PROVIDED DATA:
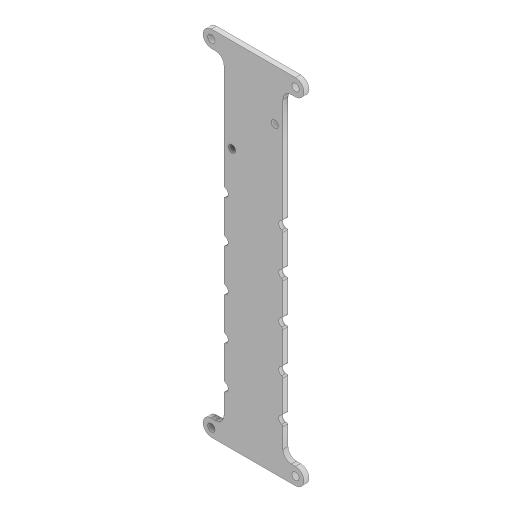
# Autodesk Inventor part: rx_frontend_generic
Saved by Autodesk Inventor 2023 (Build 270158000, 158)
## iProperties
Created: 2024-05-13
Part Number: rx_frontend_generic
Material: Generic
Document SubType Name: Modeling
Designer: Thomas
Density: 1 g/cm^3
Appearance: Default
Author: Thomas
Autodesk Inventor part; units mm, degrees
ref_plane "YZ Plane" through (0, 0, 0) normal (1, 0, 0) x (0, 1, 0)
ref_plane "XZ Plane" through (0, 0, 0) normal (0, 1, 0) x (-1, 0, 0)
ref_plane "XY Plane" through (0, 0, 0) normal (0, 0, 1) x (1, 0, 0)
sketch "Sketch1" plane through (0, 0, 0) normal (0, 0, 1) x (1, 0, 0)
  circle A0 centre (0, 0) radius 2.2
  line L0 (7.5, 0) -> (42.5, 0)
  line L1 (42.5, 0) -> (42.5, 200)
  line L2 (42.5, 200) -> (7.5, 200)
  line L3 (7.5, 200) -> (7.5, 0)
  circle A1 centre (50, 0) radius 2.2
  circle A2 centre (0, 200) radius 2.2
  circle A3 centre (50, 200) radius 2.2
  line L4 (0, 0) -> (50, 0) construction
  line L5 (0, -5) -> (50, -5)
  line L6 (50, 5) -> (0, 5)
  arc A4 (0, 5) -> (0, -5) centre (0, 0) ccw
  arc A5 (50, -5) -> (50, 5) centre (50, 0) ccw
  line L7 (0, 200) -> (50, 200) construction
  line L8 (0, 195) -> (50, 195)
  line L9 (50, 205) -> (0, 205)
  arc A6 (0, 205) -> (0, 195) centre (0, 200) ccw
  arc A7 (50, 195) -> (50, 205) centre (50, 200) ccw
  point P0 (25, 0)
  point P1 (25, 0)
  point P2 (25, 200)
  point P3 (7.5, 5)
  point P4 (42.5, 5)
  point P5 (42.5, 195)
  point P6 (7.5, 195)
  dimension "d0" = 4.4
  dimension "d1" = 35
  dimension "d2" = 200
  dimension "d3" = 25
  dimension "d5" = 0
  dimension "d8" = 50
  dimension "d11" = 200
  dimension "d14" = 10
  dimension "d15" = 10
  constraints: 24 end point, 8 centre point, 8 point on circle, 8 tangent, 5 parallel, 3 midpoint, 2 horizontal, 1 coincident, 1 collinear, 1 perpendicular, 1 vertical, 6 other
  measures "d0" diameter of A0
  measures "d1" distance of L2.end L1.end
  measures "d2" distance of L1.end L0.end
  measures "d3" distance of point (0, 0) point (25, 0)
  measures "d5" distance from line of L0 point (0, 0)
  measures "d8" distance of L4.start L4.end
  measures "d11" distance of L4.start L7.start
  measures "d14" diameter of A5
  measures "d15" diameter of A7
extrude "Extrusion1" add sketch "Sketch1" against normal blind 3
fillet "Fillet1" radius 5 4 edges at (7.5, 5, -1.5) (42.5, 5, -1.5) (42.5, 195, -1.5) (7.5, 195, -1.5)
sketch "Sketch2" plane through (0, 0, 0) normal (0, 0, 1) x (1, 0, 0)
  circle A0 centre (0, 200) radius 2.2 projected
  circle A1 centre (50, 200) radius 2.2 projected
  line L0 (0, 200) -> (50, 200) construction
  circle A2 centre (37.7, 175) radius 2.1
  circle A3 centre (12.3, 149.6) radius 2.1
  line L1 (37.7, 175) -> (12.3, 175) construction
  line L2 (12.3, 175) -> (12.3, 149.6) construction
  line L3 (12.3, 149.6) -> (37.7, 149.6) construction
  line L4 (37.7, 149.6) -> (37.7, 175) construction
  point P0 (0, 0)
  point P1 (25, 200)
  point P2 (25, 175)
  dimension "d19" = 4.2
  dimension "d20" = 4.2
  dimension "d21" = 25
  dimension "d22" = 25.4
  dimension "d23" = 25.4
  dimension "d24" = 0
  constraints: 10 end point, 2 centre point, 2 horizontal, 2 midpoint, 2 parallel, 1 perpendicular
  measures "d19" diameter of A2
  measures "d20" diameter of A3
  measures "d21" distance from line of L1.start L0
  measures "d22" distance of L1.start L1.end
  measures "d23" distance of L1.end L2.end
  measures "d24" horizontal distance of point (25, 200) point (25, 175)
extrude "Extrusion2" cut sketch "Sketch2" against normal blind 3 contours A2 | A3
sketch "Sketch3" plane through (0, 0, 0) normal (0, 0, 1) x (1, 0, 0)
  line L0 (7.5, 10) -> (7.5, 190) projected
  circle A0 centre (7.5, 25) radius 2.5
  line L1 (42.5, 190) -> (42.5, 10) projected
  circle A1 centre (42.5, 25) radius 2.5
  point P0 (0, 0)
  point P1 (42.5, 22.5)
  point P2 (42.5, 27.5)
  point P3 (7.5, 27.5)
  point P4 (7.5, 22.5)
  dimension "d27" = 5
  dimension "d28" = 25
  dimension "d29" = 5
  dimension "d30" = 25
  constraints: 2 centre point, 2 point on line
  measures "d27" diameter of A0
  measures "d28" vertical distance of point (0, 0) A0.centre
  measures "d29" diameter of A1
  measures "d30" vertical distance of point (0, 0) A1.centre
extrude "Extrusion3" cut sketch "Sketch3" against normal blind 3 contours L0 A0 | L1 A1 picked at (8.4362, 25.3407) picked at (41.0396, 24.5266)
fillet "Fillet2" radius 1 6 edges at (7.5, 22.5, -1.5) (7.5, 27.5, -1.5) (42.5, 27.5, -1.5) (42.5, 22.5, -1.5) (40, 25, -3) (10, 25, -3)
pattern_linear "Rectangular Pattern1" count 5 spacing 25 along (0, 1, 0) of "Extrusion3", "Fillet2"
equation "\"d20\" = d19"
body "Solid1"

WORK INSTRUCTION: Find each line in the data above with the word "extrude", then copy it.

RESPONSE AREA:
extrude "Extrusion1" add sketch "Sketch1" against normal blind 3
extrude "Extrusion2" cut sketch "Sketch2" against normal blind 3 contours A2 | A3
extrude "Extrusion3" cut sketch "Sketch3" against normal blind 3 contours L0 A0 | L1 A1 picked at (8.4362, 25.3407) picked at (41.0396, 24.5266)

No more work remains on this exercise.